Analysis of 3D Anisotropic Solids Using Fundamental Solutions Based on Fourier Series and the Adaptive Cross Approximation Method

• Published in: Computer modeling in engineering & sciences Vol. 102; no. 5; pp. 359 - 372
• Main Authors: Rodríguez, R Q, Tan, C L, Sollero, P, Albuquerque, E L
• Format: Journal Article
• Language: English
• Published: Henderson Tech Science Press 2014
• Subjects: Anisotropy; Approximation; Boundary element method; Computation; Computational efficiency; Fourier series; Mathematical analysis; Mathematical models; Matrix methods; Three dimensional
• ISSN: 1526-1492; 1526-1506
• DOI: 10.3970/cmes.2014.102.359

The efficient evaluation of the fundamental solution for 3D general anisotropic elasticity is a subject of great interest in the BEM community due to its mathematical complexity.
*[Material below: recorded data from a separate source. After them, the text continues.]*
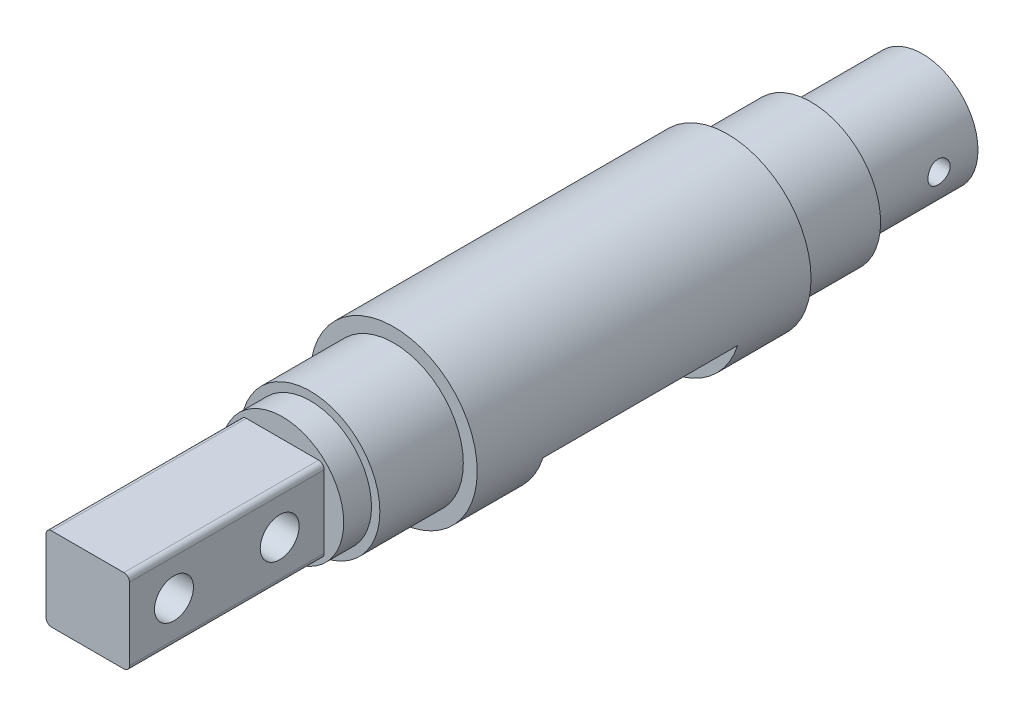
SolidWorks part; units mm, degrees
material "AISI 1045 钢，冷拔"
ref_plane "前视" through (0, 0, 0) normal (0, 0, 1) x (1, 0, 0)
ref_plane "上视" through (0, 0, 0) normal (0, 1, 0) x (1, 0, 0)
ref_plane "右视" through (0, 0, 0) normal (1, 0, 0) x (0, 0, -1)
sketch "草图1" plane through (0, 0, 0) normal (0, 0, 1) x (1, 0, 0)
  circle A0 centre (0, 0) radius 10
  dimension "D1" = 20
extrude "凸台-拉伸1" add sketch "草图1" along normal blind 20
sketch "草图2" plane through (0, 0, 20) normal (0, 0, 1) x (1, 0, 0)
  circle A0 centre (0, 0) radius 12.5
  dimension "D1" = 25
extrude "凸台-拉伸2" add sketch "草图2" along normal blind 15
sketch "草图3" plane through (0, 0, 35) normal (0, 0, 1) x (1, 0, 0)
  circle A0 centre (0, 0) radius 15
  dimension "D1" = 30
extrude "凸台-拉伸3" add sketch "草图3" along normal blind 60
sketch "草图4" plane through (0, 0, 95) normal (0, 0, 1) x (1, 0, 0)
  circle A0 centre (0, 0) radius 12.5
  dimension "D1" = 25
extrude "凸台-拉伸4" add sketch "草图4" along normal blind 15
sketch "草图5" plane through (0, 0, 110) normal (0, 0, 1) x (1, 0, 0)
  circle A0 centre (0, 0) radius 11
  dimension "D1" = 22
extrude "凸台-拉伸5" add sketch "草图5" along normal blind 5
sketch "草图6" plane through (0, 0, 115) normal (0, 0, 1) x (1, 0, 0)
  line L1 (7.5, -7.5) -> (-7.5, -7.5)
  line L2 (7.5, -7.5) -> (7.5, 7.5)
  line L3 (7.5, 7.5) -> (-7.5, 7.5)
  line L4 (-7.5, -7.5) -> (-7.5, 7.5)
  line L5 (-35.3175, -8.351) -> (-26.5284, -14.1155) construction
  line L6 (7.5, -7.5) -> (-7.5, 7.5) construction
  line L7 (7.5, 7.5) -> (-7.5, -7.5) construction
  point P0 (0, 0)
  dimension "D1" = 15
  dimension "D2" = 15
extrude "凸台-拉伸6" add sketch "草图6" along normal blind 35
sketch "草图7" plane through (0, 0, 0) normal (0, 0, -1) x (-1, 0, 0)
  circle A0 centre (0, 0) radius 3
  dimension "D1" = 6
extrude "切除-拉伸1" cut sketch "草图7" against normal blind 20
sketch "草图8" plane through (0, 0, 0) normal (1, 0, 0) x (0, 0, -1)
  line L0 (0, -10) -> (0, 10) construction
  circle A0 centre (-7, 0) radius 2
  point P2 (0, 0)
  dimension "D1" = 4
  dimension "D2" = 7
extrude "切除-拉伸2" cut sketch "草图8" against normal mid plane 40
sketch "草图9" plane through (0, 0, 0) normal (1, 0, 0) x (0, 0, -1)
  line L0 (-95, -15) -> (-35, -15) construction
  line L1 (-82.5, -4.5) -> (-47.5, -4.5)
  line L2 (-82.5, -4.5) -> (-82.5, -15)
  line L3 (-82.5, -15) -> (-47.5, -15)
  line L4 (-47.5, -4.5) -> (-47.5, -15)
  line L5 (-95, 12.5) -> (-95, -12.5) construction
  dimension "D1" = 10.5
  dimension "D2" = 35
  dimension "D3" = 12.5
extrude "切除-拉伸3" cut sketch "草图9" against normal mid plane 40
sketch "草图10" plane through (0, 0, 0) normal (1, 0, 0) x (0, 0, -1)
  line L2 (-170.5231, 0) -> (-100.8029, 0) construction
  line L3 (-150, -7.5) -> (-150, 7.5) construction
  line L4 (-115, -7.5) -> (-115, 7.5) construction
  circle A0 centre (-142, 0) radius 3.5
  circle A1 centre (-123, 0) radius 3.5
  dimension "D1" = 7
  dimension "D2" = 7
  dimension "D3" = 8
  dimension "D4" = 8
extrude "切除-拉伸4" cut sketch "草图10" against normal mid plane 40
fillet "圆角1" radius 1 4 edges at (-7.5, -7.5, 132.5) (7.5, -7.5, 132.5) (-7.5, 7.5, 132.5) (7.5, 7.5, 132.5)

Recently, Tan, Shiah, andWang (2013) have represented the algebraically explicit form of it developed by Ting and Lee (Ting and Lee, 1997; Lee, 2003) by a computational efficient double Fourier series. The Fourier coefficients are numerically evaluated only once for a specific material and are independent of the number of field points in the BEM analysis. This work deals with the application of hierarchical matrices and low rank approximations, applying the Adaptive Cross Approximation (ACA) to treat 3D general anisotropic solids in BEM using this Green’s function based on Fourier series. The use of hierarchical format is aimed at reducing the storage requirements of the system matrices and the computational effort in the BEM analysis of large systems. Numerical examples are presented to show the successful implementation of using ACA and the formulation based on Fourier series for BEM analysis of 3D anisotropic solids.